All lines in the data below carrying the string "library" are to be located and copied.

** Opening Stored data block **

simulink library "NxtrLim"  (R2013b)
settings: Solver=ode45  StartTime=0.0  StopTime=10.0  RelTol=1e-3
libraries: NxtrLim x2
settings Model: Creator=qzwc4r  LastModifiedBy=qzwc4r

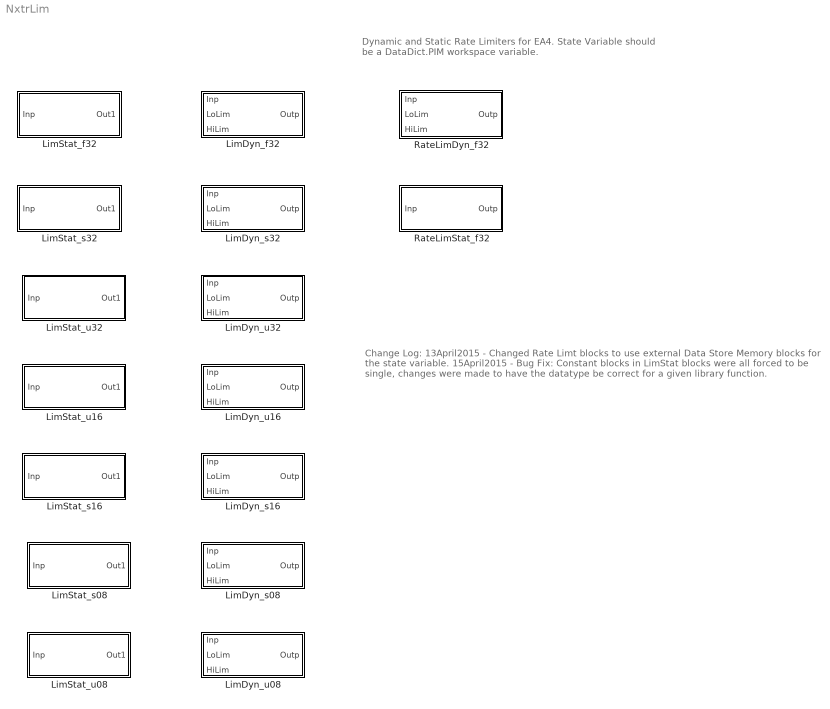
== system NxtrLim ==
  note: Change Log:
      |
      | 13April2015
      | - Changed Rate Limt blocks to use external Data Store Memory blocks for the state variable.
      |
      | 15April2015
      | - Bug Fix: Constant blocks in LimStat blocks were all forced to be single, changes were made
      |    to have the datatype be correct for a given library function.
  note: Dynamic and Static Rate Limiters for EA4.
      | State Variable should be a DataDict.PIM workspace variable.
  LimDyn_f32 : Subsystem  mask(LimDyn_f32){}
      mask Display:
      | Xx = [-0.06, 0.06]*3;
      | Xy = [ 0, 0];
      | Yx = [ 0, 0];
      | Yy = [-0.14, 0.14]*3;
      | 
      | px = [-.06, -0.02, 0.02, 0.06]*3;
      | py = [-.1, -.1, .1, .1]*3;
      | plot(Xx+.5,Xy+.5, Yx+.5,Yy+.5, px+.5,py+.5)
      | 
      | port_label('input',1,'Inp')
      | port_label('input',2,'LoLim')
      | port_label('input',3,'HiLim')
      | port_label('output',1,'Outp')
  LimDyn_s08 : Subsystem  mask(LimDyn_s08){}
      mask Display:
      | Xx = [-0.06, 0.06]*3;
      | Xy = [ 0, 0];
      | Yx = [ 0, 0];
      | Yy = [-0.14, 0.14]*3;
      | 
      | px = [-.06, -0.02, 0.02, 0.06]*3;
      | py = [-.1, -.1, .1, .1]*3;
      | plot(Xx+.5,Xy+.5, Yx+.5,Yy+.5, px+.5,py+.5)
      | 
      | port_label('input',1,'Inp')
      | port_label('input',2,'LoLim')
      | port_label('input',3,'HiLim')
      | port_label('output',1,'Outp')
  LimDyn_s16 : Subsystem  mask(LimDyn_s16){}
      mask Display:
      | Xx = [-0.06, 0.06]*3;
      | Xy = [ 0, 0];
      | Yx = [ 0, 0];
      | Yy = [-0.14, 0.14]*3;
      | 
      | px = [-.06, -0.02, 0.02, 0.06]*3;
      | py = [-.1, -.1, .1, .1]*3;
      | plot(Xx+.5,Xy+.5, Yx+.5,Yy+.5, px+.5,py+.5)
      | 
      | port_label('input',1,'Inp')
      | port_label('input',2,'LoLim')
      | port_label('input',3,'HiLim')
      | port_label('output',1,'Outp')
  LimDyn_s32 : Subsystem  mask(LimDyn_s32){}
      mask Display:
      | Xx = [-0.06, 0.06]*3;
      | Xy = [ 0, 0];
      | Yx = [ 0, 0];
      | Yy = [-0.14, 0.14]*3;
      | 
      | px = [-.06, -0.02, 0.02, 0.06]*3;
      | py = [-.1, -.1, .1, .1]*3;
      | plot(Xx+.5,Xy+.5, Yx+.5,Yy+.5, px+.5,py+.5)
      | 
      | port_label('input',1,'Inp')
      | port_label('input',2,'LoLim')
      | port_label('input',3,'HiLim')
      | port_label('output',1,'Outp')
  LimDyn_u08 : Subsystem  mask(LimDyn_u08){}
      mask Display:
      | Xx = [-0.06, 0.06]*3;
      | Xy = [ 0, 0];
      | Yx = [ 0, 0];
      | Yy = [-0.14, 0.14]*3;
      | 
      | px = [-.06, -0.02, 0.02, 0.06]*3;
      | py = [-.1, -.1, .1, .1]*3;
      | plot(Xx+.5,Xy+.5, Yx+.5,Yy+.5, px+.5,py+.5)
      | 
      | port_label('input',1,'Inp')
      | port_label('input',2,'LoLim')
      | port_label('input',3,'HiLim')
      | port_label('output',1,'Outp')
  LimDyn_u16 : Subsystem  mask(LimDyn_u16){}
      mask Display:
      | Xx = [-0.06, 0.06]*3;
      | Xy = [ 0, 0];
      | Yx = [ 0, 0];
      | Yy = [-0.14, 0.14]*3;
      | 
      | px = [-.06, -0.02, 0.02, 0.06]*3;
      | py = [-.1, -.1, .1, .1]*3;
      | plot(Xx+.5,Xy+.5, Yx+.5,Yy+.5, px+.5,py+.5)
      | 
      | port_label('input',1,'Inp')
      | port_label('input',2,'LoLim')
      | port_label('input',3,'HiLim')
      | port_label('output',1,'Outp')
  LimDyn_u32 : Subsystem  mask(LimDyn_u32){}
      mask Display:
      | Xx = [-0.06, 0.06]*3;
      | Xy = [ 0, 0];
      | Yx = [ 0, 0];
      | Yy = [-0.14, 0.14]*3;
      | 
      | px = [-.06, -0.02, 0.02, 0.06]*3;
      | py = [-.1, -.1, .1, .1]*3;
      | plot(Xx+.5,Xy+.5, Yx+.5,Yy+.5, px+.5,py+.5)
      | 
      | port_label('input',1,'Inp')
      | port_label('input',2,'LoLim')
      | port_label('input',3,'HiLim')
      | port_label('output',1,'Outp')
  LimStat_f32 : Subsystem  mask(LimStat_f32){LoLim=0, HiLim=0}
      mask prompts: LoLim "Lower Limit"; HiLim "Upper Limit"
      settings: AttributesFormatString=|
      | Low Limit: %<LoLim>
      | High Limit:%<HiLim>
      mask Display:
      | Xx = [-0.06, 0.06]*3;
      | Xy = [ 0, 0];
      | Yx = [ 0, 0];
      | Yy = [-0.14, 0.14]*3;
      | 
      | px = [-.06, -0.02, 0.02, 0.06]*3;
      | py = [-.1, -.1, .1, .1]*3;
      | plot(Xx+.5,Xy+.5, Yx+.5,Yy+.5, px+.5,py+.5)
      | 
      | port_label('input',1,'Inp')
      | port_label('output',1,'Outp')
  LimStat_s08 : Subsystem  mask(LimStat_s08){LoLim=0, HiLim=0}
      mask prompts: LoLim "Lower Limit"; HiLim "Upper Limit"
      settings: AttributesFormatString=|
      | Low Limit: %<LoLim>
      | High Limit:%<HiLim>
      mask Display:
      | Xx = [-0.06, 0.06]*3;
      | Xy = [ 0, 0];
      | Yx = [ 0, 0];
      | Yy = [-0.14, 0.14]*3;
      | 
      | px = [-.06, -0.02, 0.02, 0.06]*3;
      | py = [-.1, -.1, .1, .1]*3;
      | plot(Xx+.5,Xy+.5, Yx+.5,Yy+.5, px+.5,py+.5)
      | 
      | port_label('input',1,'Inp')
      | port_label('output',1,'Outp')
  LimStat_s16 : Subsystem  mask(LimStat_s16){LoLim=0, HiLim=0}
      mask prompts: LoLim "Lower Limit"; HiLim "Upper Limit"
      settings: AttributesFormatString=|
      | Low Limit: %<LoLim>
      | High Limit:%<HiLim>
      mask Display:
      | Xx = [-0.06, 0.06]*3;
      | Xy = [ 0, 0];
      | Yx = [ 0, 0];
      | Yy = [-0.14, 0.14]*3;
      | 
      | px = [-.06, -0.02, 0.02, 0.06]*3;
      | py = [-.1, -.1, .1, .1]*3;
      | plot(Xx+.5,Xy+.5, Yx+.5,Yy+.5, px+.5,py+.5)
      | 
      | port_label('input',1,'Inp')
      | port_label('output',1,'Outp')
  LimStat_s32 : Subsystem  mask(LimStat_s32){LoLim=0, HiLim=0}
      mask prompts: LoLim "Lower Limit"; HiLim "Upper Limit"
      settings: AttributesFormatString=|
      | Low Limit: %<LoLim>
      | High Limit:%<HiLim>
      mask Display:
      | Xx = [-0.06, 0.06]*3;
      | Xy = [ 0, 0];
      | Yx = [ 0, 0];
      | Yy = [-0.14, 0.14]*3;
      | 
      | px = [-.06, -0.02, 0.02, 0.06]*3;
      | py = [-.1, -.1, .1, .1]*3;
      | plot(Xx+.5,Xy+.5, Yx+.5,Yy+.5, px+.5,py+.5)
      | 
      | port_label('input',1,'Inp')
      | port_label('output',1,'Outp')
  LimStat_u08 : Subsystem  mask(LimStat_u08){LoLim=0, HiLim=0}
      mask prompts: LoLim "Lower Limit"; HiLim "Upper Limit"
      settings: AttributesFormatString=|
      | Low Limit: %<LoLim>
      | High Limit:%<HiLim>
      mask Display:
      | Xx = [-0.06, 0.06]*3;
      | Xy = [ 0, 0];
      | Yx = [ 0, 0];
      | Yy = [-0.14, 0.14]*3;
      | 
      | px = [-.06, -0.02, 0.02, 0.06]*3;
      | py = [-.1, -.1, .1, .1]*3;
      | plot(Xx+.5,Xy+.5, Yx+.5,Yy+.5, px+.5,py+.5)
      | 
      | port_label('input',1,'Inp')
      | port_label('output',1,'Outp')
  LimStat_u16 : Subsystem  mask(LimStat_u16){LoLim=0, HiLim=0}
      mask prompts: LoLim "Lower Limit"; HiLim "Upper Limit"
      settings: AttributesFormatString=|
      | Low Limit: %<LoLim>
      | High Limit:%<HiLim>
      mask Display:
      | Xx = [-0.06, 0.06]*3;
      | Xy = [ 0, 0];
      | Yx = [ 0, 0];
      | Yy = [-0.14, 0.14]*3;
      | 
      | px = [-.06, -0.02, 0.02, 0.06]*3;
      | py = [-.1, -.1, .1, .1]*3;
      | plot(Xx+.5,Xy+.5, Yx+.5,Yy+.5, px+.5,py+.5)
      | 
      | port_label('input',1,'Inp')
      | port_label('output',1,'Outp')
  LimStat_u32 : Subsystem  mask(LimStat_u32){LoLim=0, HiLim=0}
      mask prompts: LoLim "Lower Limit"; HiLim "Upper Limit"
      settings: AttributesFormatString=|
      | Low Limit: %<LoLim>
      | High Limit:%<HiLim>
      mask Display:
      | Xx = [-0.06, 0.06]*3;
      | Xy = [ 0, 0];
      | Yx = [ 0, 0];
      | Yy = [-0.14, 0.14]*3;
      | 
      | px = [-.06, -0.02, 0.02, 0.06]*3;
      | py = [-.1, -.1, .1, .1]*3;
      | plot(Xx+.5,Xy+.5, Yx+.5,Yy+.5, px+.5,py+.5)
      | 
      | port_label('input',1,'Inp')
      | port_label('output',1,'Outp')
  RateLimDyn_f32 : Subsystem  mask(RateLimDyn_f32){StVar=DefaultValue, Ts=0.002}
      mask prompts: StVar "State Variable"; Ts "Time Step"
      mask init:
      | blk = gcb;
      | set_param([ blk '/Data Store Write'],'DataStoreName',StVar)
      | set_param([ blk '/Data Store Read'],'DataStoreName',StVar)
      settings: AttributesFormatString=StVar: %<StVar>
      mask Display:
      | Xx = [-0.06, 0.06]*3;
      | Xy = [ 0, 0];
      | Yx = [ 0, 0];
      | Yy = [-0.14, 0.14]*3;
      | 
      | px = [-.15, 0.15];
      | py = [-.4, 0.4];
      | plot(Xx+.5,Xy+.5, Yx+.5,Yy+.5, px+.5,py+.5)
      | 
      | port_label('input',1,'Inp')
      | port_label('input',2,'LoLim')
      | port_label('input',3,'HiLim')
      | port_label('output',1,'Outp')
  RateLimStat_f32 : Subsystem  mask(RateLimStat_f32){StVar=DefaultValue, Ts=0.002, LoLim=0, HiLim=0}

** Closing Stored data block **

## [Exercise response]
simulink library "NxtrLim"  (R2013b)
      |    to have the datatype be correct for a given library function.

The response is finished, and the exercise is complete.